Identifying scene changes in videos

Companion Git repo

In studying the construction of movie trailers, one of the more interesting components is figuring out how many scene changes (cuts) are included in the 2m30s of the typical trailer. While ideally one would want to match scenes from a trailer to scenes from the actual movie, we do not have access to entire movie video files. The next best thing is to use the trailer file to figure out when the video jumps between different continuous shots.

The basic logic of the process is straightforward. A video is just a collection of stills (typically 24-30 frames per second). For a continuous shot, the frame to frame differences should be “small” while a change in the shot should result in a “big” difference between 2 consecutive frames. The difficulty really lies in how to define a “small” vs “big” change in a computationally efficient way?

The first step is to understand how a computer sees a frame of a video. Suppose we have a color frame, this image is represented as a 3-dimensional (Rows X Columns X 3 colors) array. One can think of this as three 2D matrices, where each layer represents one of 3 colors (red, green, blue) and each matrix represents all the values for the corresponding color in every pixel of the frame. Each value in this 3D array corresponds to the saturation of the layer’s color. For a 24 bit (true color) image, these values range from 0 (no color) to 255 (full saturation). We can visualize the array as something like this:

Now that we know that each frame is just a simple 3D array, the difference between any 2 frames can really just be summarized by arithmetic difference of the 2 arrays. Furthermore, much of the information of the difference can be summarized by averaging the absolute (alternatively, squared) difference across the 3 layers (average absolute saturation change across RGB by pixel) and summing across all pixels. If we do this for every frame (compared to previous frame), we might visualize these differences as something like this (this is the frame to frame difference for Before Midnight – one of my favorite movies!):

Notice, in the above figure, there are a lot of spikes followed by dense frame to frame changes that are in a locally constant-ish range. The spikes correspond to “big” differences (cuts) while the squiggles correspond to “small” differences (continuous shots). The key observation here is that the squiggles can be centered around different levels of our pixel change measure, so what we care most about is not necessarily identifying absolute cutoffs for these metrics, but rather unexpectedly high levels of the difference metric given the preceding differences within a continuous shot. In other words, we need to figure out locally “big” jumps in our frame to frame pixel difference measure.

Given my recent focus on state space modeling and time series analysis (and code that I’ve already written to do this), I decided to apply those time series methods to the problem of detecting local outliers of pixel differences. Conceptually, we can use a polynomial state space model (of which a special case is the random walk + local trend model) to represent the expected evolution of pixel changes and large discrete jumps that depart from the expected range of changes should represent camera cuts. Here, we overlay the state space model predicted differences on top of the raw pixel differences graph.

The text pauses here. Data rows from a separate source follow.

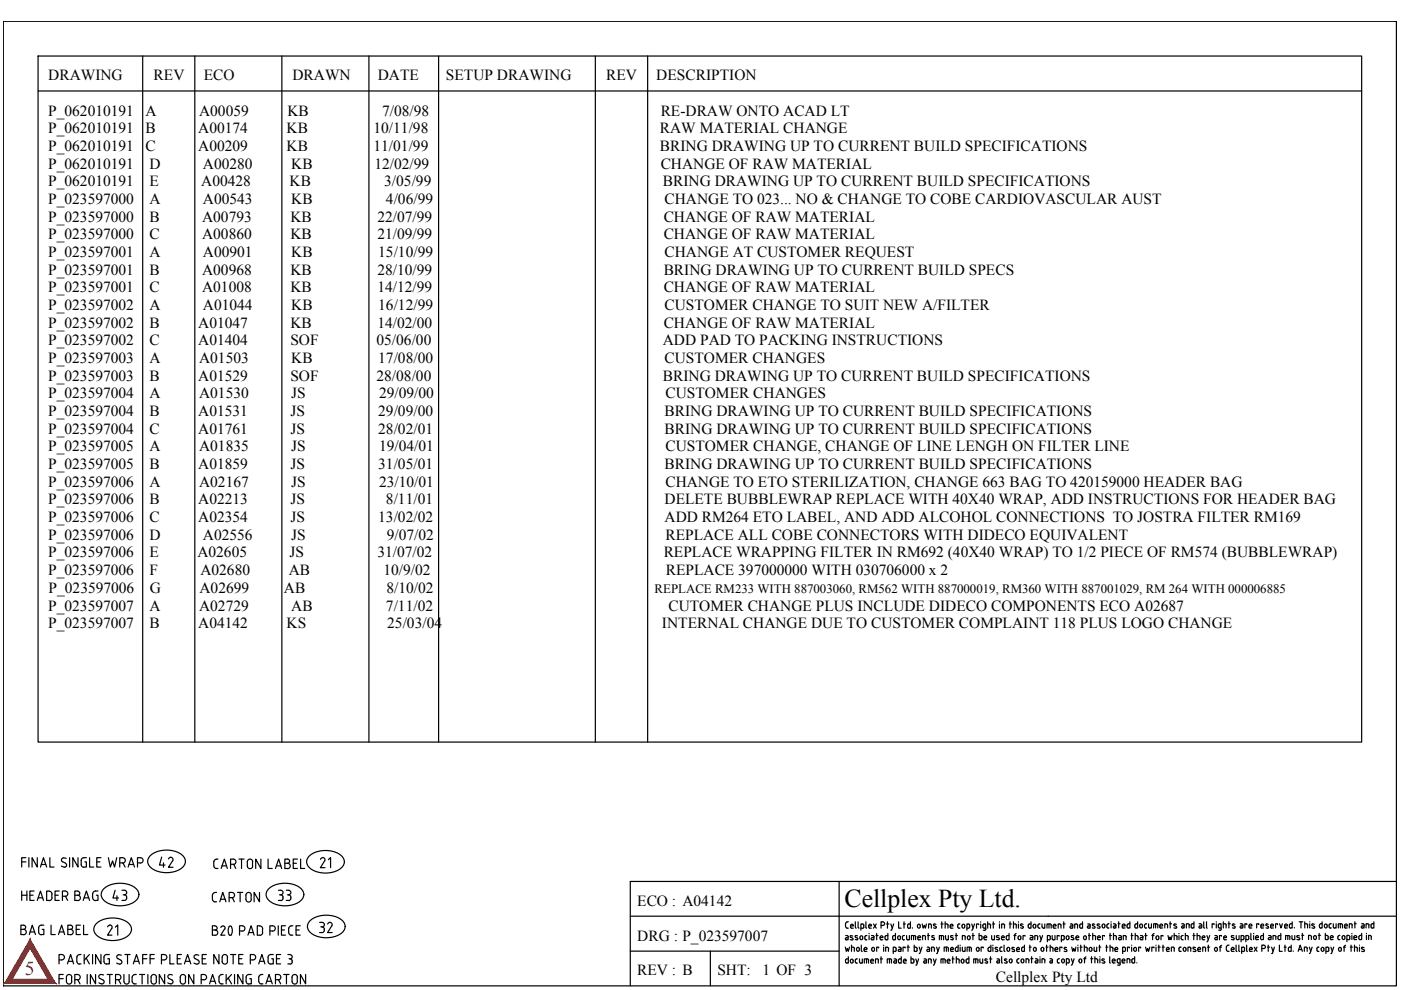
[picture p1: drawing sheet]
<svg xmlns="http://www.w3.org/2000/svg" width="297mm" height="210mm" viewBox="0 0 297 210" stroke-linecap="round" stroke-linejoin="round" font-family="sans-serif">
<g fill="none" stroke="#000" stroke-width=".25">
<path d="M.7 4.5h295.4v204.5h-295.4zM8.1 11.9h280.6v145.4h-280.6zM8.1 19.3h280.6M30.3 11.9v145.4M41.3 11.9v145.4M59.8 11.9v145.4M78.2 11.9v145.4M93 11.9v145.4M126.2 11.9v145.4M137.3 11.9v145.4M4.6 188.9v2M4.6 189.8h1.1"/>
<path d="M4.6 182.7h.9M5.5 181.8h-.9v2M5.7 188.9v2M6.1 181.8v2M6.3 189.8h.7M7.2 188.9h-.9v2h.9M7.9 190.9l.7-2 .6 2M7.9 181.8v2l-1.1-2v2M8.1 190.4h.9M8.6 183.8l.6-2 .7 2M8.7 183.3h1M10.4 188.9h-.5v2h.5"/>
<path d="M10.4 189a.61 .61 0 0 1 .6 .6M10.6 181.8v2h.9M11 189.6v.7M11 190.3a.61 .61 0 0 1-.6 .7M11.7 189.8h.6M12.6 188.9h-.9v2h.9M13 183.6l.7 .2M13.2 190h.6M13.8 190.1a.57 .57 0 0 0 .6-.6 .57 .57 0 0 0-.6-.6h-.6v2M13.9 190l.4 .9M13.9 183a.44 .44 0 0 1 .2 .5 .44 .44 0 0 1-.4 .4M14 182a.53 .53 0 0 0-.7 0 .53 .53 0 0 0 0 .7l.6 .3"/>
<path d="M14.8 181.8v2M15.9 189.8h.6M16.5 188.9h-.6v2h.6M16.5 189.8a.57 .57 0 0 1 .5 .6 .57 .57 0 0 1-.5 .6M16.5 189a.44 .44 0 0 1 .4 .4 .44 .44 0 0 1-.4 .5M16.5 181.8v2l-1.1-2v2M17.2 182.4l.1 1.2 .5 .3M17.6 190.9l.7-2 .7 2M17.8 181.8h.5M17.8 181.8l-.5 .3-.1 .3M17.9 190.4h.9M18 182.7h.3v1.1h-.5"/>
<path d="M19 181.8v2h.9M19.6 189.5v.9M19.7 190.4v.3l.5 .3M20.2 188.9h.6M20.2 188.9l-.5 .3v.3M20.4 189.8h.4v1.1h-.6M20.5 182.7h.7M20.6 195.7a5.5 5.5 0 0 1 7 .4 1.76 1.76 0 0 1-.9 2.6 5.5 5.5 0 0 1-6.5-.7 1.6 1.6 0 0 1 .4-2.3zM21.4 181.8h-.9v2h.9M23 181.8l.4 2 .5-1.3 .4 1.3 .5-2M25.4 183h.6M26 181.8h-.6v2"/>
<path d="M26 181.8a.57 .57 0 0 1 .6 .6 .57 .57 0 0 1-.6 .6M26.1 183l.4 .8M27.2 183.8l.6-2 .7 2M27.4 183.3h.9M29.2 183h.5M29.7 181.8h-.5v2M29.8 181.8a.57 .57 0 0 1 .5 .6 .57 .57 0 0 1-.5 .6M45 197.2h.6a.57 .57 0 0 1 .6 .5 .57 .57 0 0 1-.6 .6M45.3 182.7v.9M45.4 183.6l.2 .5h.6M45.6 196.3h-.6v2h.6M45.6 196.3a.44 .44 0 0 1 .4 .5 .44 .44 0 0 1-.4 .4"/>
<path d="M45.8 182.1h.4M45.9 182.2l-.5 .2v.3M46.8 196.7a.46 .46 0 0 1 .6-.3 .46 .46 0 0 1 .3 .6M46.9 184.1l.7-2 .6 2M47.1 183.6h.9M47.6 197l-.8 1.3h.9M48.6 198.2l.2 .1 .2-.1M48.6 198.2l-.2-1.1 .2-.7 .2-.1 .2 .1 .3 .7-.3 1.1M48.9 183.2h.5M49.5 183.3a.57 .57 0 0 0 .5-.6 .57 .57 0 0 0-.6-.6h-.5v2M49.6 183.2l.4 .9M50.7 182.1h1.1"/>
<path d="M50.8 197.4h.5M51.2 182.1v2M51.4 197.4a.57 .57 0 0 0 .5-.6 .57 .57 0 0 0-.6-.5h-.5v2M52.6 198.3l.6-2 .7 2M52.8 197.7h.9M53.5 182.7v.9M53.6 182.7a.57 .57 0 0 0-.6-.6 .57 .57 0 0 0-.6 .6v.9a.57 .57 0 0 0 .6 .6 .57 .57 0 0 0 .6-.6M55.1 196.3h-.5v2h.5M55.1 196.3a.61 .61 0 0 1 .6 .6M55.3 182.1v2l-1.1-2v2M55.7 196.9v.8M55.7 197.7a.61 .61 0 0 1-.6 .6"/>
<path d="M56.8 182.1v2h.9M57.1 188.3a5.5 5.5 0 0 1 7 .4 1.76 1.76 0 0 1-.9 2.7 5.5 5.5 0 0 1-6.5-.8 1.6 1.6 0 0 1 .4-2.3zM57.2 197.4h.6M57.8 197.4a.57 .57 0 0 0 .6-.6 .57 .57 0 0 0-.6-.5h-.6v2M58.4 184.1l.7-2 .6 2M58.6 183.6h.9M59 196.3v2M59.7 197.2h.6M60.4 183h.5M60.5 196.3h-.8v2h.8M61 183a.57 .57 0 0 1 .5 .6 .57 .57 0 0 1-.5 .6M61 183a.44 .44 0 0 0 .4-.4 .44 .44 0 0 0-.4-.5h-.6v2h.5"/>
<path d="M61.2 197.8l.1 .2 .4 .3M61.7 198.3h.4M61.7 196.3h.4M61.7 196.3l-.4 .3-.1 1.2M62.2 183h.7M62.8 197.2h.6M63.1 182.1h-.9v2h.9M63.7 196.3h-.9v2h.9M63.7 182.1v2h.9M65.7 181.4a5.5 5.5 0 0 1 7 .4 1.76 1.76 0 0 1-.9 2.6 5.5 5.5 0 0 1-6.5-.8 1.6 1.6 0 0 1 .4-2.2zM65.9 195.1a5.5 5.5 0 0 1 7 .4 1.76 1.76 0 0 1-.9 2.6 5.5 5.5 0 0 1-6.5-.7 1.6 1.6 0 0 1 .4-2.3zM133.6 194.3h162.5"/>
<path d="M177.9 186.9v22.1M179.3 195.8v.7M179.3 198.4h.4l.2 .2M179.3 196.5l.3 .3M179.4 198.8h.4M179.5 198.8l-.3 .3 .3 .2M179.6 196.8h.3M179.6 195.4h.3M179.6 195.5l-.3 .3M179.8 198.6v.6h-.4M180.3 196.2l.1 .5 .5 .1M180.4 196.2l.2-.3 .3 .2v.2h-.6"/>
<path d="M180.4 198.4l-.1 .2 .6 .5-.2 .2-.4-.1M180.5 198.4l.3 .1M181.3 199.2h.4M181.3 195.4v1.2M181.4 196.6l.1 .2M181.8 198.9l.1 .2-.2 .1M181.8 198.4h-.3l-.2 .1 .5 .4M181.9 195.4v1.2M182 196.6l.1 .2M182.3 199l.1-.5 .2-.1 .3 .1v.5M182.4 199l.2 .2 .3-.2M182.5 196.8h.4"/>
<path d="M183.1 196.2v.3M183.2 196.2l-.2-.3h-.5v1.3M183.2 196.6l-.3 .2M183.4 199l.2 .3M183.6 195.4v1.2l.1 .2M183.6 198.4h.2M183.6 199.2h.2M183.6 198.4l-.2 .1v.5M184.2 196.2v.5l.5 .1M184.2 196.2l.3-.3 .3 .3M184.3 197.9v.1M184.3 198.4v.8"/>
<path d="M184.7 196.2v.1h-.5M184.8 198.4h.4l.1 .2v.6h-.4M184.9 198.8h.4M184.9 198.8l-.2 .3 .2 .2M185.2 195.9l.6 .9M185.7 198.4h.5M185.8 195.9l-.6 .9M185.9 197.9v1.3M186.6 198.7v.3M186.6 198.7l.3-.3 .2 .1 .1 .3h-.6M186.6 199.1l.3 .2M186.8 196.2h.4"/>
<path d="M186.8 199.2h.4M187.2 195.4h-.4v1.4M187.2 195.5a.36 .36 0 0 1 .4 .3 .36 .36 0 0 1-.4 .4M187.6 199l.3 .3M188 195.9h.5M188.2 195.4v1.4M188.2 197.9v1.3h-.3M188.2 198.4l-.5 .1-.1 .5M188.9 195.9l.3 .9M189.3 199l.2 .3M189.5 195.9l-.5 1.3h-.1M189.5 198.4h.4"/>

This image has an empty alt attribute; its file name is ssm-2.png

Finally, we just need to look at the difference between the blue line and the orange line. Large positive differences should correspond to a camera cut. Here, the blue line represents the difference between raw and expected pixel change and we’ve demarcated scene changes with vertical red lines using a 3 standard deviation rule, i.e. if the blue difference is greater than 3 standard deviations above the expected change, we flag it as a camera cut.